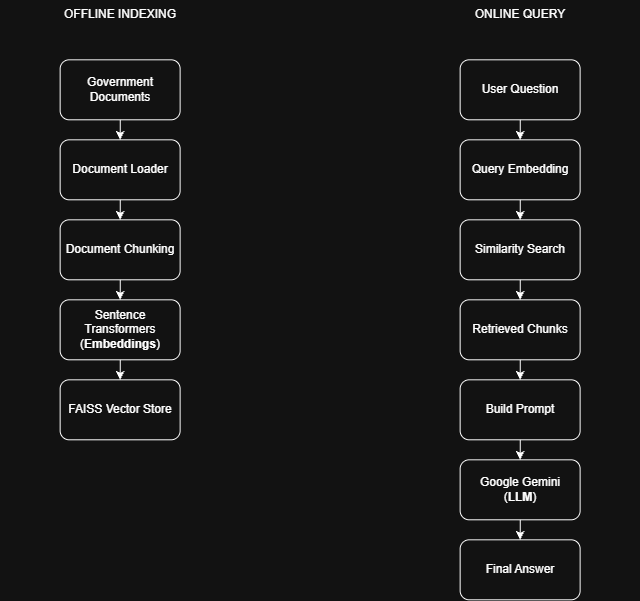

The diagram above was exported from draw.io. Its source (the exported page's mxGraphModel, read from the mxfile embedded in the PNG):
<mxGraphModel dx="1212" dy="661" grid="1" gridSize="10" guides="1" tooltips="1" connect="1" arrows="1" fold="1" page="1" pageScale="1" pageWidth="850" pageHeight="1100" math="0" shadow="0">
  <root>
    <mxCell id="0" />
    <mxCell id="1" parent="0" />
    <mxCell id="uTUAu7gcMKHiy0j9mPPs-3" edge="1" parent="1" source="uTUAu7gcMKHiy0j9mPPs-1" style="edgeStyle=orthogonalEdgeStyle;rounded=0;orthogonalLoop=1;jettySize=auto;html=1;" target="uTUAu7gcMKHiy0j9mPPs-2" value="">
      <mxGeometry relative="1" as="geometry" />
    </mxCell>
    <mxCell id="uTUAu7gcMKHiy0j9mPPs-1" parent="1" style="rounded=1;whiteSpace=wrap;html=1;" value="Government Documents" vertex="1">
      <mxGeometry height="60" width="120" x="200" y="80" as="geometry" />
    </mxCell>
    <mxCell id="uTUAu7gcMKHiy0j9mPPs-5" edge="1" parent="1" source="uTUAu7gcMKHiy0j9mPPs-2" style="edgeStyle=orthogonalEdgeStyle;rounded=0;orthogonalLoop=1;jettySize=auto;html=1;" target="uTUAu7gcMKHiy0j9mPPs-4" value="">
      <mxGeometry relative="1" as="geometry" />
    </mxCell>
    <mxCell id="uTUAu7gcMKHiy0j9mPPs-2" parent="1" style="whiteSpace=wrap;html=1;rounded=1;" value="Document Loader" vertex="1">
      <mxGeometry height="60" width="120" x="200" y="160" as="geometry" />
    </mxCell>
    <mxCell id="uTUAu7gcMKHiy0j9mPPs-7" edge="1" parent="1" source="uTUAu7gcMKHiy0j9mPPs-4" style="edgeStyle=orthogonalEdgeStyle;rounded=0;orthogonalLoop=1;jettySize=auto;html=1;" target="uTUAu7gcMKHiy0j9mPPs-6" value="">
      <mxGeometry relative="1" as="geometry" />
    </mxCell>
    <mxCell id="uTUAu7gcMKHiy0j9mPPs-4" parent="1" style="whiteSpace=wrap;html=1;rounded=1;" value="Document Chunking" vertex="1">
      <mxGeometry height="60" width="120" x="200" y="240" as="geometry" />
    </mxCell>
    <mxCell id="uTUAu7gcMKHiy0j9mPPs-9" edge="1" parent="1" source="uTUAu7gcMKHiy0j9mPPs-6" style="edgeStyle=orthogonalEdgeStyle;rounded=0;orthogonalLoop=1;jettySize=auto;html=1;" target="uTUAu7gcMKHiy0j9mPPs-8" value="">
      <mxGeometry relative="1" as="geometry" />
    </mxCell>
    <mxCell id="uTUAu7gcMKHiy0j9mPPs-6" parent="1" style="whiteSpace=wrap;html=1;rounded=1;" value="Sentence Transformers&lt;div&gt;(&lt;b&gt;Embeddings&lt;/b&gt;)&lt;/div&gt;" vertex="1">
      <mxGeometry height="60" width="120" x="200" y="320" as="geometry" />
    </mxCell>
    <mxCell id="uTUAu7gcMKHiy0j9mPPs-8" parent="1" style="whiteSpace=wrap;html=1;rounded=1;" value="FAISS Vector Store" vertex="1">
      <mxGeometry height="60" width="120" x="200" y="400" as="geometry" />
    </mxCell>
    <mxCell id="uTUAu7gcMKHiy0j9mPPs-24" edge="1" parent="1" source="uTUAu7gcMKHiy0j9mPPs-25" style="edgeStyle=orthogonalEdgeStyle;rounded=0;orthogonalLoop=1;jettySize=auto;html=1;" target="uTUAu7gcMKHiy0j9mPPs-27" value="">
      <mxGeometry relative="1" as="geometry" />
    </mxCell>
    <mxCell id="uTUAu7gcMKHiy0j9mPPs-25" parent="1" style="whiteSpace=wrap;html=1;rounded=1;" value="User Question" vertex="1">
      <mxGeometry height="60" width="120" x="600" y="80" as="geometry" />
    </mxCell>
    <mxCell id="uTUAu7gcMKHiy0j9mPPs-26" edge="1" parent="1" source="uTUAu7gcMKHiy0j9mPPs-27" style="edgeStyle=orthogonalEdgeStyle;rounded=0;orthogonalLoop=1;jettySize=auto;html=1;" target="uTUAu7gcMKHiy0j9mPPs-29" value="">
      <mxGeometry relative="1" as="geometry" />
    </mxCell>
    <mxCell id="uTUAu7gcMKHiy0j9mPPs-27" parent="1" style="whiteSpace=wrap;html=1;rounded=1;" value="Query Embedding" vertex="1">
      <mxGeometry height="60" width="120" x="600" y="160" as="geometry" />
    </mxCell>
    <mxCell id="uTUAu7gcMKHiy0j9mPPs-28" edge="1" parent="1" source="uTUAu7gcMKHiy0j9mPPs-29" style="edgeStyle=orthogonalEdgeStyle;rounded=0;orthogonalLoop=1;jettySize=auto;html=1;" target="uTUAu7gcMKHiy0j9mPPs-31" value="">
      <mxGeometry relative="1" as="geometry" />
    </mxCell>
    <mxCell id="uTUAu7gcMKHiy0j9mPPs-29" parent="1" style="whiteSpace=wrap;html=1;rounded=1;" value="Similarity Search" vertex="1">
      <mxGeometry height="60" width="120" x="600" y="240" as="geometry" />
    </mxCell>
    <mxCell id="uTUAu7gcMKHiy0j9mPPs-30" edge="1" parent="1" source="uTUAu7gcMKHiy0j9mPPs-31" style="edgeStyle=orthogonalEdgeStyle;rounded=0;orthogonalLoop=1;jettySize=auto;html=1;" target="uTUAu7gcMKHiy0j9mPPs-33" value="">
      <mxGeometry relative="1" as="geometry" />
    </mxCell>
    <mxCell id="uTUAu7gcMKHiy0j9mPPs-31" parent="1" style="whiteSpace=wrap;html=1;rounded=1;" value="Retrieved Chunks" vertex="1">
      <mxGeometry height="60" width="120" x="600" y="320" as="geometry" />
    </mxCell>
    <mxCell id="uTUAu7gcMKHiy0j9mPPs-32" edge="1" parent="1" source="uTUAu7gcMKHiy0j9mPPs-33" style="edgeStyle=orthogonalEdgeStyle;rounded=0;orthogonalLoop=1;jettySize=auto;html=1;" target="uTUAu7gcMKHiy0j9mPPs-35" value="">
      <mxGeometry relative="1" as="geometry" />
    </mxCell>
    <mxCell id="uTUAu7gcMKHiy0j9mPPs-33" parent="1" style="whiteSpace=wrap;html=1;rounded=1;" value="Build Prompt" vertex="1">
      <mxGeometry height="60" width="120" x="600" y="400" as="geometry" />
    </mxCell>
    <mxCell id="uTUAu7gcMKHiy0j9mPPs-34" edge="1" parent="1" source="uTUAu7gcMKHiy0j9mPPs-35" style="edgeStyle=orthogonalEdgeStyle;rounded=0;orthogonalLoop=1;jettySize=auto;html=1;" target="uTUAu7gcMKHiy0j9mPPs-36" value="">
      <mxGeometry relative="1" as="geometry" />
    </mxCell>
    <mxCell id="uTUAu7gcMKHiy0j9mPPs-35" parent="1" style="whiteSpace=wrap;html=1;rounded=1;" value="Google Gemini&lt;div&gt;(&lt;b&gt;LLM&lt;/b&gt;)&lt;/div&gt;" vertex="1">
      <mxGeometry height="60" width="120" x="600" y="480" as="geometry" />
    </mxCell>
    <mxCell id="uTUAu7gcMKHiy0j9mPPs-36" parent="1" style="whiteSpace=wrap;html=1;rounded=1;" value="Final Answer" vertex="1">
      <mxGeometry height="60" width="120" x="600" y="560" as="geometry" />
    </mxCell>
    <mxCell id="uTUAu7gcMKHiy0j9mPPs-37" parent="1" style="text;html=1;whiteSpace=wrap;strokeColor=none;fillColor=none;align=center;verticalAlign=middle;rounded=0;" value="OFFLINE INDEXING" vertex="1">
      <mxGeometry height="30" width="240" x="140" y="20" as="geometry" />
    </mxCell>
    <mxCell id="uTUAu7gcMKHiy0j9mPPs-38" parent="1" style="text;html=1;whiteSpace=wrap;align=center;verticalAlign=middle;rounded=0;" value="ONLINE QUERY" vertex="1">
      <mxGeometry height="30" width="240" x="540" y="20" as="geometry" />
    </mxCell>
  </root>
</mxGraphModel>

DIRECTIONS: Please count the lines in the records that contain "text" and reply with the count alone.

ANSWER BOX: 2